[Items from a dataset]
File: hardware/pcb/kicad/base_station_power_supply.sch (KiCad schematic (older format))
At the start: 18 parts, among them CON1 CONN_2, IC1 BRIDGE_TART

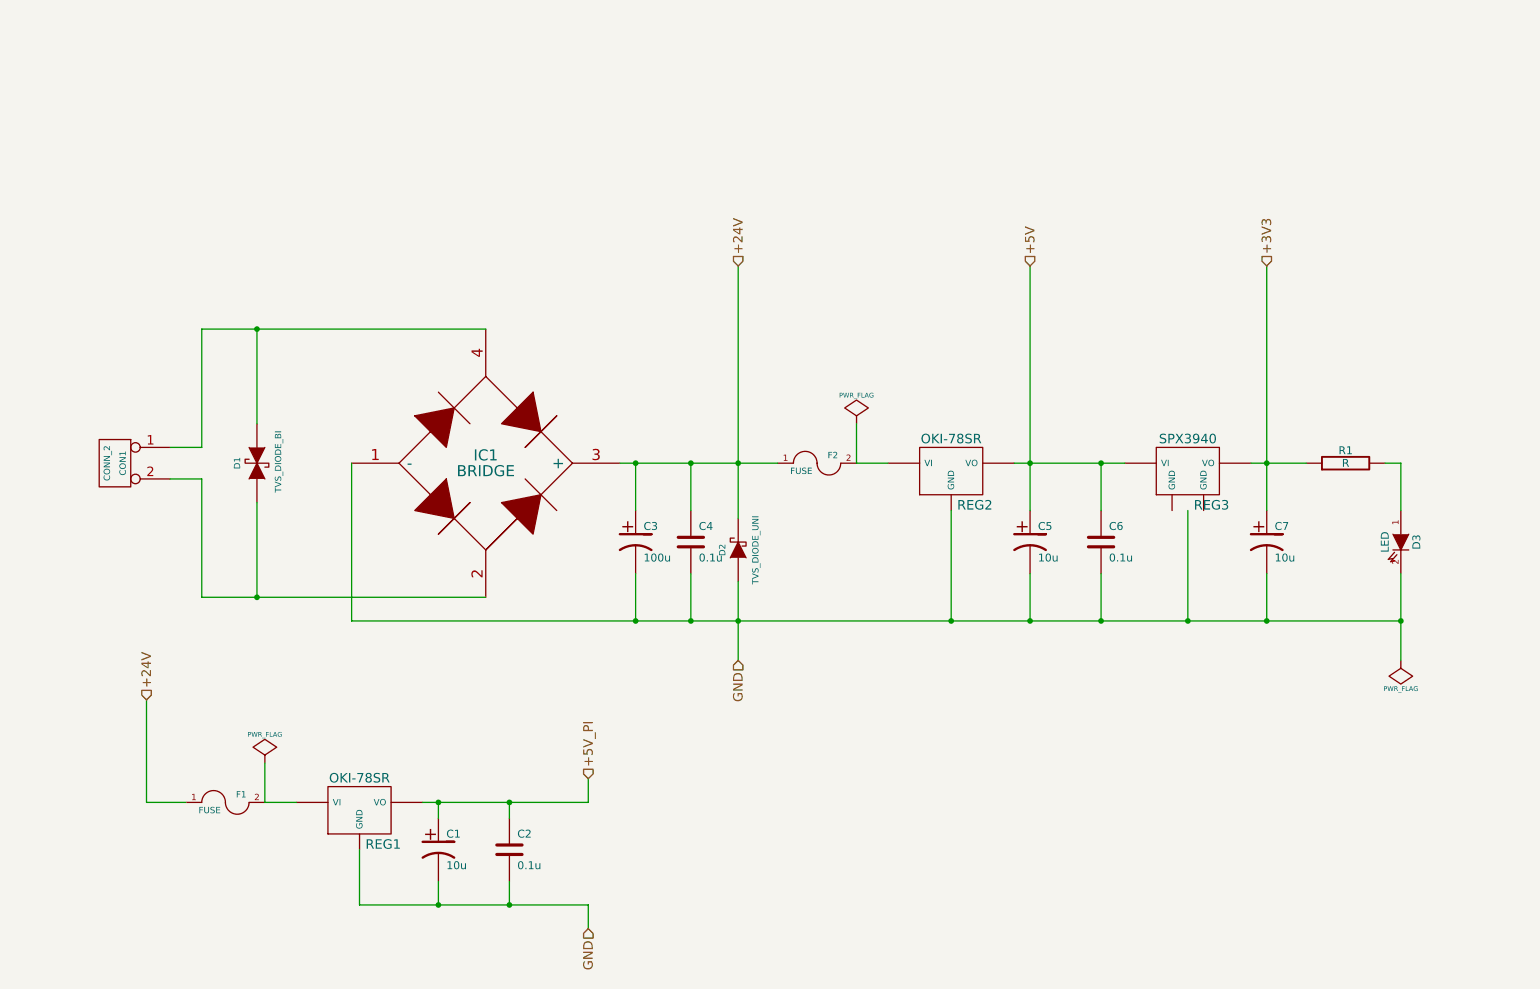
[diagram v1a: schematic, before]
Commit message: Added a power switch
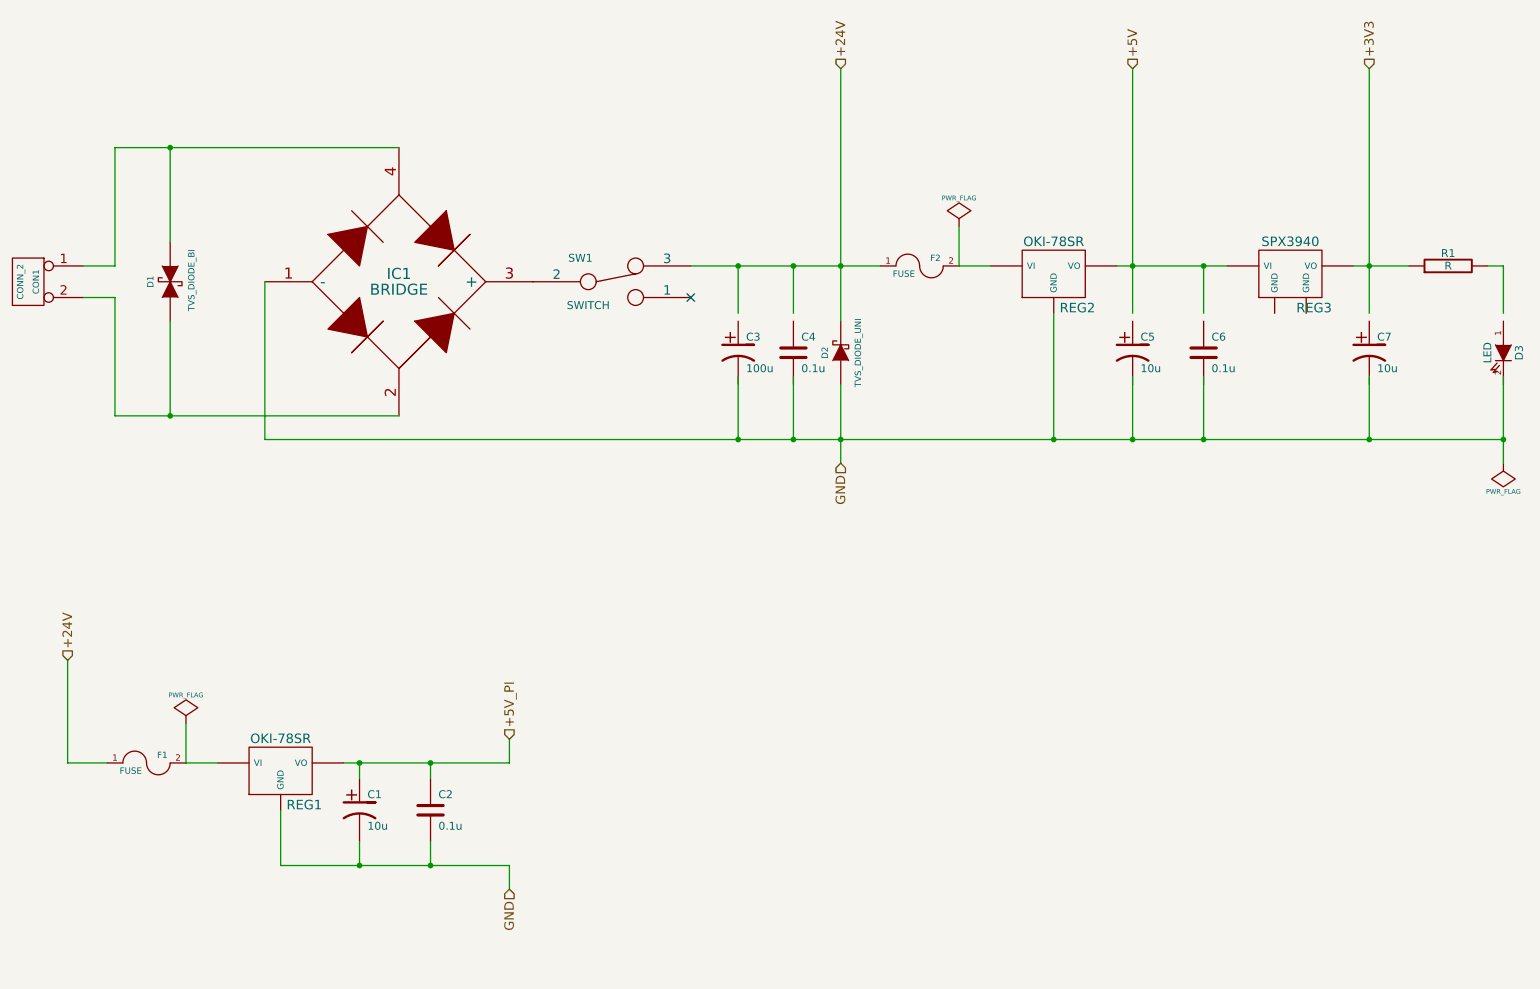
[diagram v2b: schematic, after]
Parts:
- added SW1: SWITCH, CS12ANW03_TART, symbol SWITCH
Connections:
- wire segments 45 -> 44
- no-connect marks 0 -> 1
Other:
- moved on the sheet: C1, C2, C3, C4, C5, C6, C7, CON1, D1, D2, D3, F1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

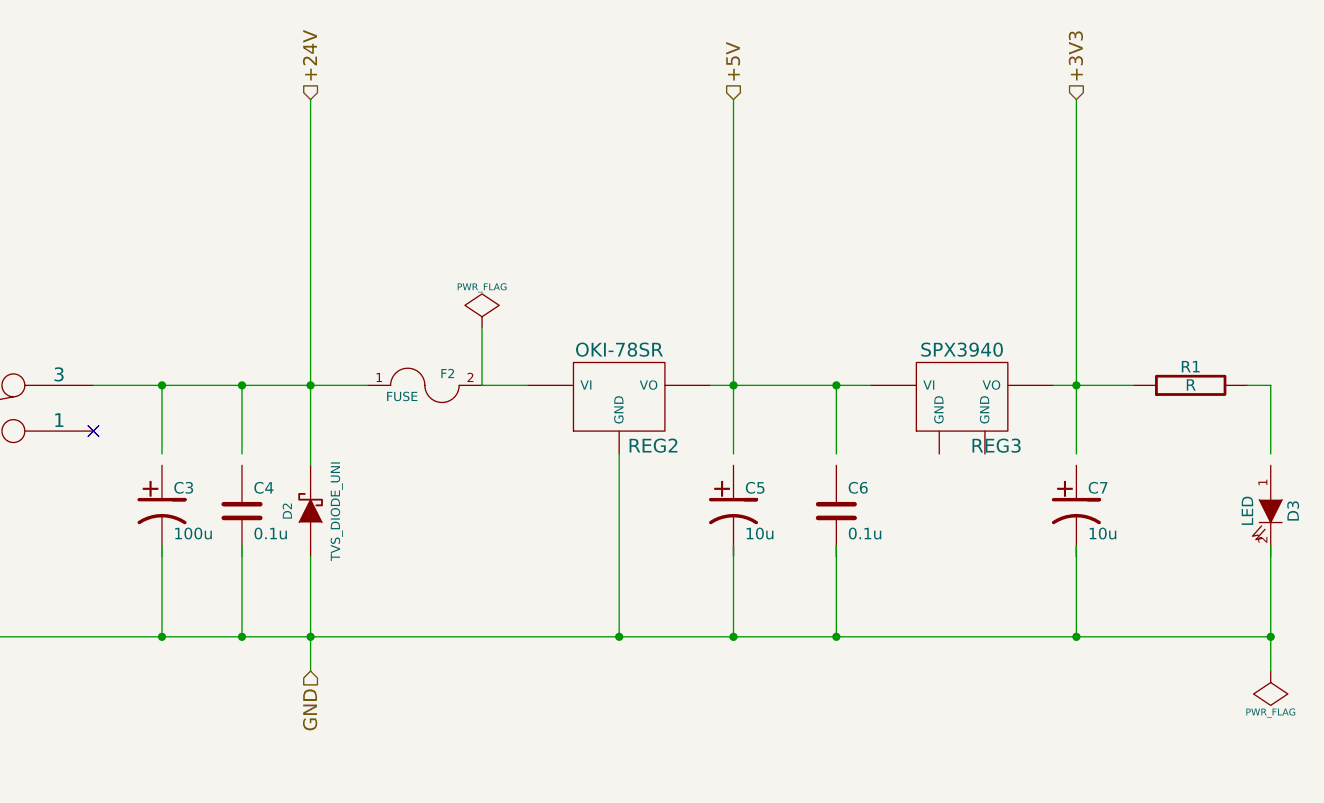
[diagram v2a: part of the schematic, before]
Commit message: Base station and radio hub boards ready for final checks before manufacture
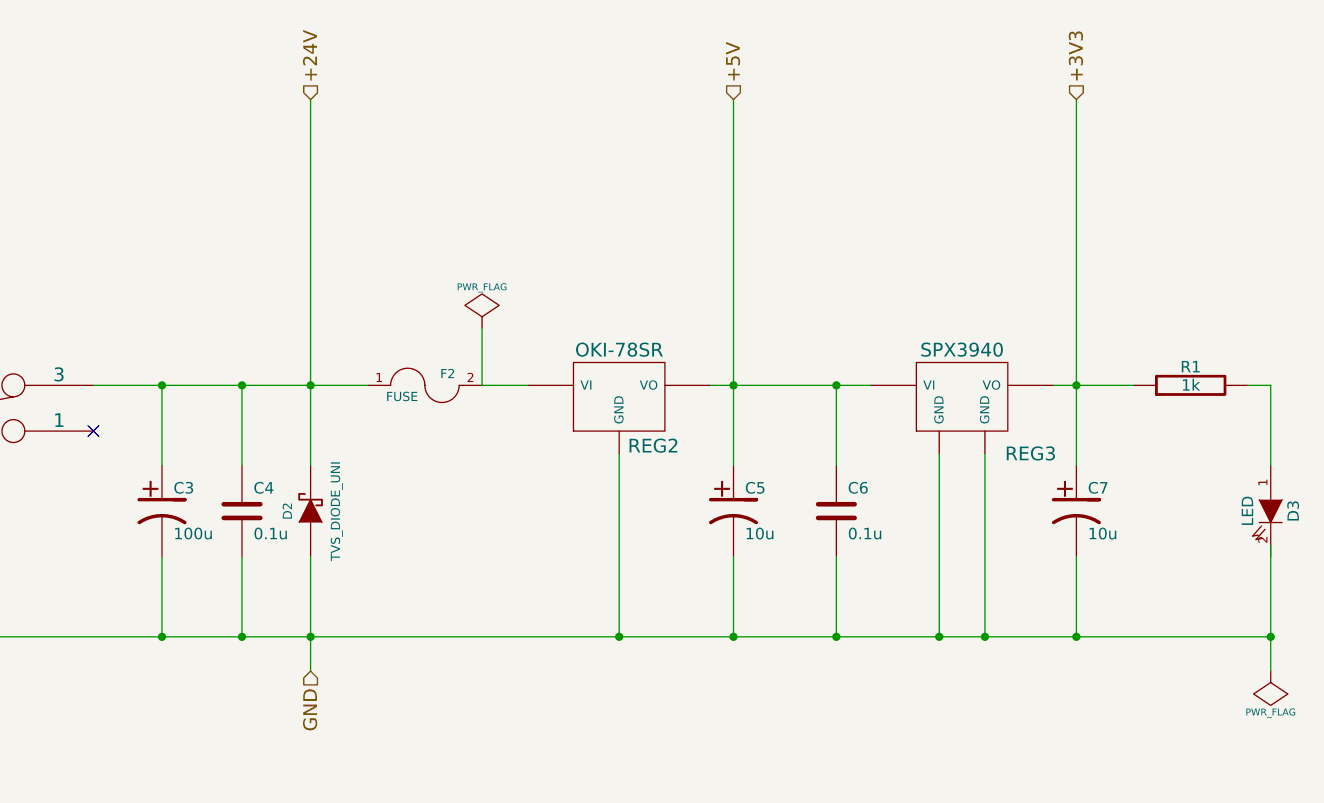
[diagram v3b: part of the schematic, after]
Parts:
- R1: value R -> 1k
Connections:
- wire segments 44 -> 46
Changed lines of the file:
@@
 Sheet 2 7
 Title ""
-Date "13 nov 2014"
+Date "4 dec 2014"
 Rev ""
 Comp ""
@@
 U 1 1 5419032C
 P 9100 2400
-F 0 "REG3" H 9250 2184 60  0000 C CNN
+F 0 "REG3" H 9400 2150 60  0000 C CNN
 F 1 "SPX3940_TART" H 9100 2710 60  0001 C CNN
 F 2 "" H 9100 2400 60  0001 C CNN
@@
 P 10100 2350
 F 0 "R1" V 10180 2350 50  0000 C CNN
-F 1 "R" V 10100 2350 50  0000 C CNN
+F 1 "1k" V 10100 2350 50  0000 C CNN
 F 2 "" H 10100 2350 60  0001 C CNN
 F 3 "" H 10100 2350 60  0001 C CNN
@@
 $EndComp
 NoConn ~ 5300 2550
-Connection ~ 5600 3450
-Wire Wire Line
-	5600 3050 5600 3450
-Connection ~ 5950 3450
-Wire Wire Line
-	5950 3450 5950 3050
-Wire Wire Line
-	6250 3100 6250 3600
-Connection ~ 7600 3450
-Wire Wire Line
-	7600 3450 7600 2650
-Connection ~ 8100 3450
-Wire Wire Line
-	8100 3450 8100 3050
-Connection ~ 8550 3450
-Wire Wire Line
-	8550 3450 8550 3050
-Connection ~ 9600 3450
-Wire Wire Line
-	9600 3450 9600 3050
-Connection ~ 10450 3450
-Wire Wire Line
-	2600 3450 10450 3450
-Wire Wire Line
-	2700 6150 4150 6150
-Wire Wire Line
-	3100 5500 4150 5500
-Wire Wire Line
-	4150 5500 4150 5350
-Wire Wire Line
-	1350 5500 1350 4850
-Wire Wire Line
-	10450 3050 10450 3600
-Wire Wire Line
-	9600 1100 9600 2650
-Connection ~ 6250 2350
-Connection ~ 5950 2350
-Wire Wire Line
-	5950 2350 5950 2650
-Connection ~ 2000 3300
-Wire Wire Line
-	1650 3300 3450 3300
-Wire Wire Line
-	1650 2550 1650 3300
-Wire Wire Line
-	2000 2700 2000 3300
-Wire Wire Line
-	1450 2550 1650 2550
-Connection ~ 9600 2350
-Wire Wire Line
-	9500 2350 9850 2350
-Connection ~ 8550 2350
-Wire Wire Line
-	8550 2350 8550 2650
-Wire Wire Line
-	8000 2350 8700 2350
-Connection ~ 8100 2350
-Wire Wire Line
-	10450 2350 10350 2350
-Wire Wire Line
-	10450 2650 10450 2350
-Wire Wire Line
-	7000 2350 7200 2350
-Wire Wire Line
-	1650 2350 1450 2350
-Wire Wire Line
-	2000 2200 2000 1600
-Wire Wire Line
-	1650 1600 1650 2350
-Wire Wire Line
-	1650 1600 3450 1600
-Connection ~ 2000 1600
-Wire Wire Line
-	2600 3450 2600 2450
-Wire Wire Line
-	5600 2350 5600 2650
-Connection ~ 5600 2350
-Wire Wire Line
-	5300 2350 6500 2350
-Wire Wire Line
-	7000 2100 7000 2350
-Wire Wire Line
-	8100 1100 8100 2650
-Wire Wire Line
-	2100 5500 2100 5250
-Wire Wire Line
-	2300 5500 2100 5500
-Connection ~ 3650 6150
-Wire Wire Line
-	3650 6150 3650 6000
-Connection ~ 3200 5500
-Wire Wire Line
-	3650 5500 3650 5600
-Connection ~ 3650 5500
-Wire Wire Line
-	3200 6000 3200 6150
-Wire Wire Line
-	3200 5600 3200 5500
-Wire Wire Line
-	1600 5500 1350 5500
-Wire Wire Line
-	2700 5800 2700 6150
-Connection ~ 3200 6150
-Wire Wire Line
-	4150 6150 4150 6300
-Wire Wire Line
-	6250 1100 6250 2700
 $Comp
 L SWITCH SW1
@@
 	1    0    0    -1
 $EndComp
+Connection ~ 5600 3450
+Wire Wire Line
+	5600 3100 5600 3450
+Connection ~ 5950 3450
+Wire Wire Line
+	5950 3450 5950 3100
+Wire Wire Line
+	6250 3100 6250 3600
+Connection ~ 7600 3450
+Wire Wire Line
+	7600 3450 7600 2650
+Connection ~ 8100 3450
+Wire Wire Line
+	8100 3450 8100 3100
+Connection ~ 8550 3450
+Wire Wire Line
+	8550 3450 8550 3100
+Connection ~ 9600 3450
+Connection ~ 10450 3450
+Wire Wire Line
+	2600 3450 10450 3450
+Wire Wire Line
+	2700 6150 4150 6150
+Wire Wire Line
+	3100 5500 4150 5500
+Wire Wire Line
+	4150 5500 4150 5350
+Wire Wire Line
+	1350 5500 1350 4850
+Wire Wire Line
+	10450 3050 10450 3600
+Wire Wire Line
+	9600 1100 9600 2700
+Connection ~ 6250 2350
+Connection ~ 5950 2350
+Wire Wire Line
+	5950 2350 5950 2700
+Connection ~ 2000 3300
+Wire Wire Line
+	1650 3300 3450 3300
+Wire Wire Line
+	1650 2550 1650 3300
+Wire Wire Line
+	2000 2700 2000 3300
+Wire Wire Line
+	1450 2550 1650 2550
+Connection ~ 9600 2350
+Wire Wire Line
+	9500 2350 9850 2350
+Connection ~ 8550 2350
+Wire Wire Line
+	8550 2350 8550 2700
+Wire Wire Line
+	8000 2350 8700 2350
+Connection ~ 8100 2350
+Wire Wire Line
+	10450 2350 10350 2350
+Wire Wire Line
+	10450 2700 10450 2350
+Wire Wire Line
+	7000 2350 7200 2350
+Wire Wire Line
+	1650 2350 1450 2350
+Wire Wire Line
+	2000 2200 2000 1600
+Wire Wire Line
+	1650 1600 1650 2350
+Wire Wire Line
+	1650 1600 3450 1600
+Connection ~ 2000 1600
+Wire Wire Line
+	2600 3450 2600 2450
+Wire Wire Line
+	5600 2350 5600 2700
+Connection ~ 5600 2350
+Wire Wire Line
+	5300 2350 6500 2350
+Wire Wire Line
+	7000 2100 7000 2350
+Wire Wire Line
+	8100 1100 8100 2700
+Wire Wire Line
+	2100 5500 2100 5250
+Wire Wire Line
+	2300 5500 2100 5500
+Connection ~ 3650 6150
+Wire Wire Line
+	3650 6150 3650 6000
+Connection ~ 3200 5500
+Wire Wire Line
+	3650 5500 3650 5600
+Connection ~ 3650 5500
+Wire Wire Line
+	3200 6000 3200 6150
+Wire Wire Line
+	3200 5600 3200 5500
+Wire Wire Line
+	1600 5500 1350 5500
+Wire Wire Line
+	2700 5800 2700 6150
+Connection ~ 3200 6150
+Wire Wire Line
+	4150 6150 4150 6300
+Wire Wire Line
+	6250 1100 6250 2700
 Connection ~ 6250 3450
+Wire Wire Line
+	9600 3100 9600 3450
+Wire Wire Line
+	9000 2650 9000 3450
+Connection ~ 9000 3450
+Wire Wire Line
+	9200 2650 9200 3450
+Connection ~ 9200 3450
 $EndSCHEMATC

- [Work to complete] If a line in the entries above has the word "message", copy it.

- [Answer]
Commit message: Added a power switch
Commit message: Base station and radio hub boards ready for final checks before manufacture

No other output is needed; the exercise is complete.